A general framework to analyze stochastic linear bandit

Tuesday, April 21, 2020 - 4:30pm

Speaker:   Mohsen Bayati, Stanford Graduate School of Business

Abstract:   Multi-armed bandit (MAB) experiments have recently received significant attention in data-centric enterprises, given their promise in reducing opportunity cost of experimentation. In this talk we consider the well-known stochastic linear bandit problem which includes (as special case) standard MAB experiments and their personalized (contextual) counterpart.
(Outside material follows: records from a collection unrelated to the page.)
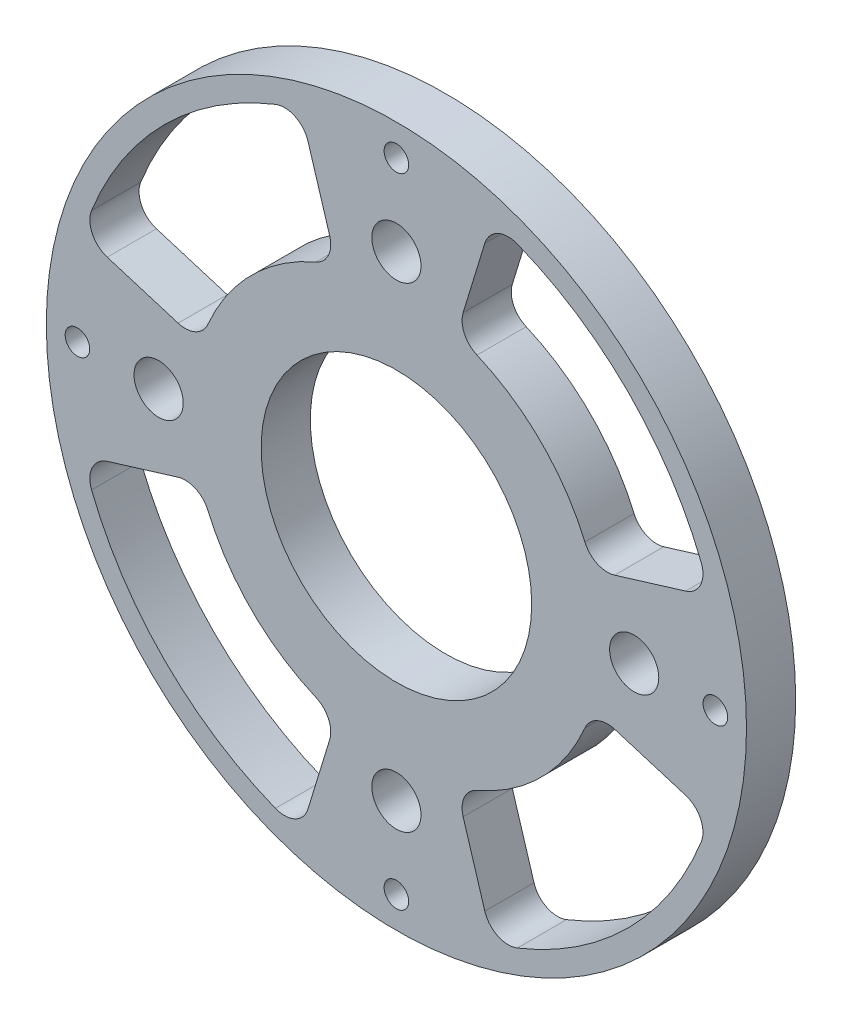
SolidWorks part; units mm, degrees
ref_plane "前视基准面" through (0, 0, 0) normal (0, 0, 1) x (1, 0, 0)
ref_plane "上视基准面" through (0, 0, 0) normal (0, 1, 0) x (1, 0, 0)
ref_plane "右视基准面" through (0, 0, 0) normal (1, 0, 0) x (0, 0, -1)
sketch "草图1" plane through (0, 0, 0) normal (0, 0, 1) x (1, 0, 0)
  line L0 (0, 0) -> (0, 29)
  line L1 (0, 0) -> (29, 0)
  line L2 (0, 0) -> (0, -29)
  line L3 (0, 0) -> (-29, 0)
  line L4 (0, 35) -> (0, 42.8)
  line L5 (-35, 0) -> (-42.8, 0)
  line L6 (0, -35) -> (0, -42.8)
  line L7 (35, 0) -> (42.8, 0)
  circle A0 centre (0, 0) radius 42.8
  circle A1 centre (0, 0) radius 18
  circle A2 centre (0, 0) radius 35
  circle A3 centre (0, 29) radius 3
  circle A4 centre (29, 0) radius 3
  circle A5 centre (0, -29) radius 3
  circle A6 centre (-29, 0) radius 3
sketch "草图2" plane through (0, 0, 0) normal (0, 0, 1) x (1, 0, 0)
  circle A0 centre (0, 0) radius 43
  circle A1 centre (0, 0) radius 16.5
extrude "凸台-拉伸1" add sketch "草图2" against normal blind 6
sketch "草图3" plane through (0, 0, 0) normal (0, 0, 1) x (1, 0, 0)
  line L0 (-35, 0) -> (-42.8, 0) construction
  line L1 (0, 35) -> (0, 42.8) construction
  line L2 (35, 0) -> (42.8, 0) construction
  line L3 (0, -35) -> (0, -42.8) construction
  circle A0 centre (0, 29) radius 3
  circle A1 centre (29, 0) radius 3
  circle A2 centre (0, -29) radius 3
  circle A3 centre (-29, 0) radius 3
  circle A4 centre (-38.9, 0) radius 1.5
  circle A5 centre (0, 38.9) radius 1.5
  circle A6 centre (38.9, 0) radius 1.5
  circle A7 centre (0, -38.9) radius 1.5
extrude "切除-拉伸1" cut sketch "草图3" against normal blind 6
sketch "草图4" plane through (0, 0, 0) normal (0, 0, 1) x (1, 0, 0)
  line L0 (0, 0) -> (-11.6949, 38.2522)
  line L1 (0, 0) -> (0, 29) construction
  line L2 (0, 0) -> (-38.2522, 11.6949)
  line L3 (0, 0) -> (-29, 0) construction
  line L4 (0, 0) -> (11.6949, 38.2522)
  line L5 (0, 0) -> (38.2522, 11.6949)
  line L6 (0, 0) -> (29, 0) construction
  line L7 (0, 0) -> (-38.2522, -11.6949)
  line L8 (0, 0) -> (38.2522, -11.6949)
  line L9 (0, 0) -> (11.6949, -38.2522)
  line L10 (0, 0) -> (0, -29) construction
  line L11 (0, 0) -> (-11.6949, -38.2522)
  circle A1 centre (0, 0) radius 25
  circle A3 centre (0, 0) radius 40
  dimension "D1" = 17
  dimension "D2" = 17
  dimension "D3" = 17
  dimension "D4" = 17
  dimension "D5" = 17
  dimension "D6" = 17
  dimension "D7" = 17
  dimension "D8" = 17
extrude "切除-拉伸5" cut sketch "草图4" against normal blind 6 contours L0 A3 L2 A1 | L5 A3 L4 A1 | L9 A3 L8 A1 | L7 A3 L11 A1
fillet "圆角2" radius 3 16 edges at (-23.9076, 7.3093, -3) (23.9076, 7.3093, -3) (11.6949, -38.2522, -3) (-11.6949, -38.2522, -3) (-38.2522, -11.6949, -3) (11.6949, 38.2522, -3) (23.9076, -7.3093, -3) (7.3093, -23.9076, -3) (-23.9076, -7.3093, -3) (-7.3093, -23.9076, -3) (-11.6949, 38.2522, -3) (-38.2522, 11.6949, -3) (7.3093, 23.9076, -3) (38.2522, -11.6949, -3) (38.2522, 11.6949, -3) (-7.3093, 23.9076, -3)
sketch "草图6" plane through (0, 0, 0) normal (0, 0, 1) x (1, 0, 0)
  circle A0 centre (0, 0) radius 43
  circle A1 centre (0, 0) radius 42.9
extrude "切除-拉伸6" cut sketch "草图6" against normal blind 6
sketch "草图7" plane through (0, 0, -6) normal (0, 0, -1) x (-1, 0, 0)
  circle A0 centre (0, 0) radius 42.7
  circle A1 centre (0, 0) radius 42.9
extrude "切除-拉伸7" cut sketch "草图7" against normal blind 6

In this setting a decision-maker sequentially chooses among a set of given actions in $\mathbb{R}^d$, observes their noisy reward, and aims to maximize her cumulative expected reward over a horizon of length $T$. We introduce a general family of algorithms for the problem that achieve the best possible performance (i.e., are rate optimal), and show that some of the well-known algorithms in the literature such as optimism in the face of uncertainty linear bandit (OFUL) and Thompson sampling (TS) are special cases of our family of algorithms. Therefore, we obtain a unified proof of rate optimality for all of these algorithms. Our analysis also yields a number of new results and solves an open problem. For example, we show that TS can incur a linear worst-case regret, unless it uses inflated (by a factor of $\sqrt{d}$) posterior variances at each step. We also show that TS can incur a linear Bayesian regret if it does not use the correct prior or noise distribution.

This talk is based on joint work with Nima Hamidi, and a preliminary draft is available on ArXiv.